- What to produce
Could you transcribe all the entries exactly, omitting the pictures?

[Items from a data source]
--- START ---

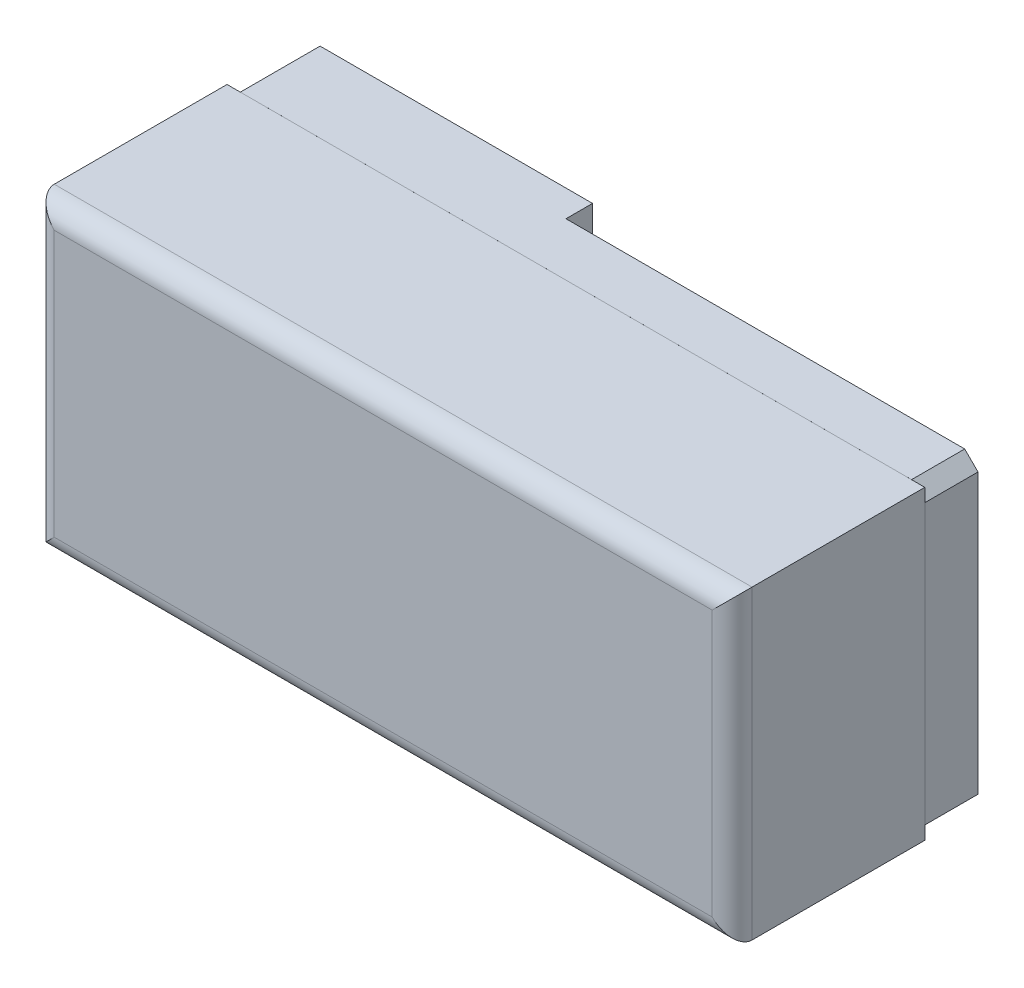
from build123d import *

# Parameters (mm, degrees)
SKETCH_1_W          = 105
SKETCH_1_H          = 46
EXTRUDE_1_DEPTH     = 12
SKETCH_2_R          = 8
CUT_EXTRUDE_1_DEPTH = 20
HOLE_WIZARD_M4_1_D  = 3.3
CHAMFER_2_SIZE      = 2
SKETCH_9_W          = 84.922493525
SKETCH_9_H          = 69.640450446
CUT_EXTRUDE_4_DEPTH = 4
SKETCH_10_W         = 105
SKETCH_10_H         = 46
EXTRUDE_2_DEPTH     = 29
FILLET_1_R          = 3
SKETCH_11_W         = 121.058889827
SKETCH_11_H         = 57.882033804
CUT_EXTRUDE_5_DEPTH = 0.001


with BuildPart() as part:
    # Sketch 1 → Extrude 1 (new body)
    with BuildSketch(Plane.XY):
        Rectangle(SKETCH_1_W, SKETCH_1_H)
    extrude(amount=EXTRUDE_1_DEPTH)

    # Sketch 2 → Cut-Extrude 1 (cut)
    with BuildSketch(Plane.XY.offset(12)):
        with Locations((-31.5, 0)):
            Circle(SKETCH_2_R)
        with BuildLine():
            Line((22, 5), (32, 5))
            ThreePointArc((32, 5), (37, 0), (32, -5))
            Line((32, -5), (22, -5))
            ThreePointArc((22, -5), (17, 0), (22, 5))
        make_face()
    extrude(amount=-CUT_EXTRUDE_1_DEPTH, mode=Mode.SUBTRACT)

    # Hole Wizard M4 _1 (through all)
    with Locations(Plane(origin=(-14.5, 0, 12), x_dir=(1, 0, 0), z_dir=(0, 0, 1))):
        with Locations((0, 0), (58, 0)):
            Hole(HOLE_WIZARD_M4_1_D / 2)

    # Chamfer 2
    chamfer_2_edges = [part.edges().sort_by_distance(p)[0] for p in [
        (52.5, -23, 6),
        (-52.5, -23, 6),
        (-52.5, 23, 6),
        (52.5, 23, 6),
    ]]
    chamfer(chamfer_2_edges, length=CHAMFER_2_SIZE)

    # Sketch 9 → Cut-Extrude 4 (cut)
    with BuildSketch(Plane(origin=(0, 0, 0), x_dir=(-1, 0, 0), z_dir=(0, 0, -1))):
        with Locations((-32.961246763, 2.342451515)):
            Rectangle(SKETCH_9_W, SKETCH_9_H)
    extrude(amount=-CUT_EXTRUDE_4_DEPTH, mode=Mode.SUBTRACT)

    # Sketch 10 → Extrude 2 (add)
    with BuildSketch(Plane.XY.offset(12)):
        Rectangle(SKETCH_10_W, SKETCH_10_H)
    extrude(amount=EXTRUDE_2_DEPTH)

    # Fillet 1
    fillet_1_edges = [part.edges().sort_by_distance(p)[0] for p in [
        (0, -23, 41),
        (52.5, 0, 41),
        (0, 23, 41),
        (-52.5, 0, 41),
    ]]
    fillet(fillet_1_edges, radius=FILLET_1_R)

    # Sketch 11 → Cut-Extrude 5 (cut)
    with BuildSketch(Plane(origin=(0, 0, 12), x_dir=(-1, 0, 0), z_dir=(0, 0, -1))):
        with Locations((0.240673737, -1.684716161)):
            Rectangle(SKETCH_11_W, SKETCH_11_H)
    extrude(amount=-CUT_EXTRUDE_5_DEPTH, mode=Mode.SUBTRACT)


with BuildPart() as cut_extrude_5_piece_1:
    # of the separate pieces the step leaves, piece 1, a body of its own (cut_extrude_5_pieces)
    add(part.part.solids().sort_by_distance((52.5, 23, 12.001))[0])


with BuildPart() as cut_extrude_5_piece_2:
    # of the separate pieces the step leaves, piece 2, a body of its own (cut_extrude_5_pieces)
    add(part.part.solids().sort_by_distance((50.5, 23, 4))[0])


solid = Compound([cut_extrude_5_piece_1.part, cut_extrude_5_piece_2.part])

--- END ---

- Exercise result
from build123d import *

# Parameters (mm, degrees)
SKETCH_1_W          = 105
SKETCH_1_H          = 46
EXTRUDE_1_DEPTH     = 12
SKETCH_2_R          = 8
CUT_EXTRUDE_1_DEPTH = 20
HOLE_WIZARD_M4_1_D  = 3.3
CHAMFER_2_SIZE      = 2
SKETCH_9_W          = 84.922493525
SKETCH_9_H          = 69.640450446
CUT_EXTRUDE_4_DEPTH = 4
SKETCH_10_W         = 105
SKETCH_10_H         = 46
EXTRUDE_2_DEPTH     = 29
FILLET_1_R          = 3
SKETCH_11_W         = 121.058889827
SKETCH_11_H         = 57.882033804
CUT_EXTRUDE_5_DEPTH = 0.001


with BuildPart() as part:
    # Sketch 1 → Extrude 1 (new body)
    with BuildSketch(Plane.XY):
        Rectangle(SKETCH_1_W, SKETCH_1_H)
    extrude(amount=EXTRUDE_1_DEPTH)

    # Sketch 2 → Cut-Extrude 1 (cut)
    with BuildSketch(Plane.XY.offset(12)):
        with Locations((-31.5, 0)):
            Circle(SKETCH_2_R)
        with BuildLine():
            Line((22, 5), (32, 5))
            ThreePointArc((32, 5), (37, 0), (32, -5))
            Line((32, -5), (22, -5))
            ThreePointArc((22, -5), (17, 0), (22, 5))
        make_face()
    extrude(amount=-CUT_EXTRUDE_1_DEPTH, mode=Mode.SUBTRACT)

    # Hole Wizard M4 _1 (through all)
    with Locations(Plane(origin=(-14.5, 0, 12), x_dir=(1, 0, 0), z_dir=(0, 0, 1))):
        with Locations((0, 0), (58, 0)):
            Hole(HOLE_WIZARD_M4_1_D / 2)

    # Chamfer 2
    chamfer_2_edges = [part.edges().sort_by_distance(p)[0] for p in [
        (52.5, -23, 6),
        (-52.5, -23, 6),
        (-52.5, 23, 6),
        (52.5, 23, 6),
    ]]
    chamfer(chamfer_2_edges, length=CHAMFER_2_SIZE)

    # Sketch 9 → Cut-Extrude 4 (cut)
    with BuildSketch(Plane(origin=(0, 0, 0), x_dir=(-1, 0, 0), z_dir=(0, 0, -1))):
        with Locations((-32.961246763, 2.342451515)):
            Rectangle(SKETCH_9_W, SKETCH_9_H)
    extrude(amount=-CUT_EXTRUDE_4_DEPTH, mode=Mode.SUBTRACT)

    # Sketch 10 → Extrude 2 (add)
    with BuildSketch(Plane.XY.offset(12)):
        Rectangle(SKETCH_10_W, SKETCH_10_H)
    extrude(amount=EXTRUDE_2_DEPTH)

    # Fillet 1
    fillet_1_edges = [part.edges().sort_by_distance(p)[0] for p in [
        (0, -23, 41),
        (52.5, 0, 41),
        (0, 23, 41),
        (-52.5, 0, 41),
    ]]
    fillet(fillet_1_edges, radius=FILLET_1_R)

    # Sketch 11 → Cut-Extrude 5 (cut)
    with BuildSketch(Plane(origin=(0, 0, 12), x_dir=(-1, 0, 0), z_dir=(0, 0, -1))):
        with Locations((0.240673737, -1.684716161)):
            Rectangle(SKETCH_11_W, SKETCH_11_H)
    extrude(amount=-CUT_EXTRUDE_5_DEPTH, mode=Mode.SUBTRACT)


with BuildPart() as cut_extrude_5_piece_1:
    # of the separate pieces the step leaves, piece 1, a body of its own (cut_extrude_5_pieces)
    add(part.part.solids().sort_by_distance((52.5, 23, 12.001))[0])


with BuildPart() as cut_extrude_5_piece_2:
    # of the separate pieces the step leaves, piece 2, a body of its own (cut_extrude_5_pieces)
    add(part.part.solids().sort_by_distance((50.5, 23, 4))[0])


solid = Compound([cut_extrude_5_piece_1.part, cut_extrude_5_piece_2.part])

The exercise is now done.